Here's a fast keyboard scanning routine. The interesting stuff starts at the label key_scan

 

Thanks Willsy If you're interested I'll post the Mass Transfer/TIMXT version of the standalone keyboard scan for comparison. (I didn't write it)

 

I've always wondered if the standalone utilities like DSRLNK, KSCAN, etc. were ripped out of the EA support, as most of them look nearly identical, or if back then the assembly programmers shared early "libraries" and source that was used commonly. Come to think of it, I don't recall where my first iterations came from.

[apersson850]

Even if internet wasn't available to share all human knowledge, there were still information sent around. Samples from the E/A manual were of course used first and foremost. Then somebody came up with better code, and you started using that, as soon as you knew about it. Myself, for example, started with the normal DSRLNK, as suggested in the E/A manual, then went with a better one, which could also handle cassette access within the same routine.

[+InsaneMultitasker]

Recently I got my F18A system back in working order. I was playing around with TIMXT and noticed that during the display of a 38.4K stream, an occasional character was dropped. At first I thought the keyboard routine was delaying reception, so I disabled keyboard input during the display stream. No change.

 

Later I added a few NOPs to the RS232 interrupt handler. I wanted to understand whether or not the interrupt itself was taking too long. I discovered that just five NOPs was enough to disrupt character reception 30-40%. It seems 38.4K may be right at the threshold for what is possible.

 

I have mitigated the problem by tightening up the interrupt code. I don't have sufficient PAD RAM space for the routine, though I might be able to shove a few VDP read/write routines there to minimize non-interrupt time within the interpreter.

[+InsaneMultitasker]

TIMXT requires quite a bit of processing time to capture and interpret the incoming data stream. The system is often so busy with the data that keyboard scanning is inhibited, lest one or more characters get dropped.

 

Up until now, I had been allowing interrupts to steal control from the keyboard routine after each column is scanned (LIMI 2/LIMI 0). This caused some debounce and response problems depending on the current input stream, mostly due to the residual ROM ISR code overhead. grrr.

 

I tried a few different things then settled on a polled interrupt approach within the key scan routine:

1. All interrupt processing is disabled (LIMI 0).

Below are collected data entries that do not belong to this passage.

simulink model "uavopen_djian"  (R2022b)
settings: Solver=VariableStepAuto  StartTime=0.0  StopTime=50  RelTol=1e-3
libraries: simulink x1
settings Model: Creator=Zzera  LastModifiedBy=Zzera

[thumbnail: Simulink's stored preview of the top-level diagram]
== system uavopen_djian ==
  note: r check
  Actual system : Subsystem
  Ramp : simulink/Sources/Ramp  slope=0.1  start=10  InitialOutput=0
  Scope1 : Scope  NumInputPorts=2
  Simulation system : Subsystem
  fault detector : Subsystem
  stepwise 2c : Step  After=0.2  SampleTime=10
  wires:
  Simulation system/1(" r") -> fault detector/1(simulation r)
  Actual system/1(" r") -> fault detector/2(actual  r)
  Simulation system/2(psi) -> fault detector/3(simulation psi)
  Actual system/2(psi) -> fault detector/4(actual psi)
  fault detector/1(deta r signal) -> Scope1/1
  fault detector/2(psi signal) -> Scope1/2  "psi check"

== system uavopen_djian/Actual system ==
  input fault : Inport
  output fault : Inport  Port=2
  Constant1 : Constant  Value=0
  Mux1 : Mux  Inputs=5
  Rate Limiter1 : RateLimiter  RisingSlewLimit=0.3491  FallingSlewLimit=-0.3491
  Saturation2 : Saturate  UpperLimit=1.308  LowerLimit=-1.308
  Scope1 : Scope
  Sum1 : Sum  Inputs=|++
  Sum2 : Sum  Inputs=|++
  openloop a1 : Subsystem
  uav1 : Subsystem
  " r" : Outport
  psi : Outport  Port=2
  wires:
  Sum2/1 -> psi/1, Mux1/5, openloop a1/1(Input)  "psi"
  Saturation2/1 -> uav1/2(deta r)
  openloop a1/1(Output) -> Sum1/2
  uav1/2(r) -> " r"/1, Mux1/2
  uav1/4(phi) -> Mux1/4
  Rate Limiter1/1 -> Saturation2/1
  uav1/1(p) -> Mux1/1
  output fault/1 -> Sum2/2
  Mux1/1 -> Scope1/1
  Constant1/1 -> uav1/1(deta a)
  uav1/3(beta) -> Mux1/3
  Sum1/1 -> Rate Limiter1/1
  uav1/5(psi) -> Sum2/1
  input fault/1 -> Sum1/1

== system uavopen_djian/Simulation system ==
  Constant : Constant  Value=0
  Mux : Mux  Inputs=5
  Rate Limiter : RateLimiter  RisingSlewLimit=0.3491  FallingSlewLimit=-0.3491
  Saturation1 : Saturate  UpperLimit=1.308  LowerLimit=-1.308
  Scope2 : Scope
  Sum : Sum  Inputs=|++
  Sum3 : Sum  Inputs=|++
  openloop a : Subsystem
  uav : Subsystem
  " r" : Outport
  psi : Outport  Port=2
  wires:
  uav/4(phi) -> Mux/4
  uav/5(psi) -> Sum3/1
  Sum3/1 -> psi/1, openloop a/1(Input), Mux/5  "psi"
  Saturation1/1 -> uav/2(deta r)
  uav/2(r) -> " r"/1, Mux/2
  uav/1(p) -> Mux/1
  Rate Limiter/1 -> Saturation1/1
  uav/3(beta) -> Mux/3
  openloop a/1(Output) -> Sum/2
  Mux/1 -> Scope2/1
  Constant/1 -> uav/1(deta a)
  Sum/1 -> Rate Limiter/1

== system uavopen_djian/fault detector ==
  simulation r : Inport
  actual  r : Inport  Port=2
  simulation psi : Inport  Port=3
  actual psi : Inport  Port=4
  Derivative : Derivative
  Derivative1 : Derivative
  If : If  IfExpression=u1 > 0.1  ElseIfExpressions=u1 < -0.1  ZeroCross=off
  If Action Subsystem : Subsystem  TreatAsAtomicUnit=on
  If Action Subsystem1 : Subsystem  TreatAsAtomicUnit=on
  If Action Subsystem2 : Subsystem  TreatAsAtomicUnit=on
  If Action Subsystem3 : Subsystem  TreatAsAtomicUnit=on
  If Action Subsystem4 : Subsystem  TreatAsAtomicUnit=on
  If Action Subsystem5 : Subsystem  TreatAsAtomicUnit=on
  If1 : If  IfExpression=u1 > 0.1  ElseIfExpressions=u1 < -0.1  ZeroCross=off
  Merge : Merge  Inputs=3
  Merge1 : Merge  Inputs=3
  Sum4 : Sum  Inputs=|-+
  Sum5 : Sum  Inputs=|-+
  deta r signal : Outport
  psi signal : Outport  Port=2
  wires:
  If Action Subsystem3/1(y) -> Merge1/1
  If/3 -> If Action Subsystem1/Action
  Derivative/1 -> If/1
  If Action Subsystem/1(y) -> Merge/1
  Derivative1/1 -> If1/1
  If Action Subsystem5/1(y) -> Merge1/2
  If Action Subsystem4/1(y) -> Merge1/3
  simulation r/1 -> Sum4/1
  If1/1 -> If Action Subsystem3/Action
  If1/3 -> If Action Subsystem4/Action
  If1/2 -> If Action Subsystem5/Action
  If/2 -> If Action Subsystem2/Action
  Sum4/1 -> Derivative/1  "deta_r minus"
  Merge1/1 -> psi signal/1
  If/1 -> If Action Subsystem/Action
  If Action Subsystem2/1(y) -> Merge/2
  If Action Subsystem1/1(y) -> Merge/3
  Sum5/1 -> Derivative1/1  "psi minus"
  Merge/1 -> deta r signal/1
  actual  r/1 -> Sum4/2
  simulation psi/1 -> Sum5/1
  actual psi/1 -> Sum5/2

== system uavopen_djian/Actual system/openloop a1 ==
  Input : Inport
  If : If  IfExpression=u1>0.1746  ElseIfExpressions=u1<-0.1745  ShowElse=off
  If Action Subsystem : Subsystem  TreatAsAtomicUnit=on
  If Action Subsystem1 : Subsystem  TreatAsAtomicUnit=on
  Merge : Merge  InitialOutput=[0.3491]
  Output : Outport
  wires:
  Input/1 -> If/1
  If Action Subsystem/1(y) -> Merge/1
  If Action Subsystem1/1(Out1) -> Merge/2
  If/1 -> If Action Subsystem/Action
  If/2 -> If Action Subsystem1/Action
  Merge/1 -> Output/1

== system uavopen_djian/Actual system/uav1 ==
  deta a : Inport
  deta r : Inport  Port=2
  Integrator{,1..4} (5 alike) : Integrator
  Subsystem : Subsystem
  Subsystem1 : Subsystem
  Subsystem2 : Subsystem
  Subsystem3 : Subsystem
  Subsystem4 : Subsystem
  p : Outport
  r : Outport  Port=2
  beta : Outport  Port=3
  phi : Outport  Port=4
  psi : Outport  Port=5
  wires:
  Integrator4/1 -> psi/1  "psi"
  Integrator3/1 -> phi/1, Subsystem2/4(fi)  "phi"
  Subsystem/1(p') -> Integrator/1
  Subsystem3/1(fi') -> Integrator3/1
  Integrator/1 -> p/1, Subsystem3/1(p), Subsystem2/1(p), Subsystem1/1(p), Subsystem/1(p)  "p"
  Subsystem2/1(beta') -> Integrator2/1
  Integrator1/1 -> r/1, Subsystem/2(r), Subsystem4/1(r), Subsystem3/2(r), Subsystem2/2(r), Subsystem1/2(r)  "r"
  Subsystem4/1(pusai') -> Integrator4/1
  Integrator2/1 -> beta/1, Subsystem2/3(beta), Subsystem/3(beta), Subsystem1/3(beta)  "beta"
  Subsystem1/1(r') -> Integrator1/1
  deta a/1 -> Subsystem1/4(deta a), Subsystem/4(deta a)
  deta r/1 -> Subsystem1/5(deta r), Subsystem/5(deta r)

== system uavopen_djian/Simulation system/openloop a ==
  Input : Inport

2. RS232 interrupts are enabled.

3. The RS232 interrupt bit is polled in-line, just prior to scanning each keyboard column and during some keyboard post-processing.

4. If an RS232 character is received, it is copied into a receive buffer, and control is quickly returned to continue the key scan.

 

Overall keyboard responsiveness has improved and at 19.2K, everything responds as it should. Now I can return to playing with the RS232 interrupt handler and the nanoPEB-induced problem, maybe even re-stabilizing 38.4K in the process.

[+Ksarul]

Very nice progress there, o Insane One!

[+InsaneMultitasker]

Sometimes we forget to consider simple, obvious solutions to problems.

 

The old key scan routine used a workspace located in the slow 32K memory space. I only just noticed this tonight; I changed the workspace to operate out of scratchpad and was "rewarded" with a faster key scan that returned throughput to 38.4Kbps. My next steps are (1) to re-enable limited keyboard scanning during display and (2) to test some SAMS buffering routines. A 4K buffer is filled VERY quickly at 38.4K.

[+InsaneMultitasker]

Something old, something 'new'.

 

[Omega-TI]

Nice.

[+TheBF]

 

Yesterday I finally had a chance to copy my Geneve development platter (backup!) and export the RS232 routines related to this post.

 

There are some things I still plan to do to improve performance, such as code optimization and use of SAMS or 8K Superspace for incoming buffers. Since those future plans don't change the concept, I updated a few of the comments and am posting here for those interested.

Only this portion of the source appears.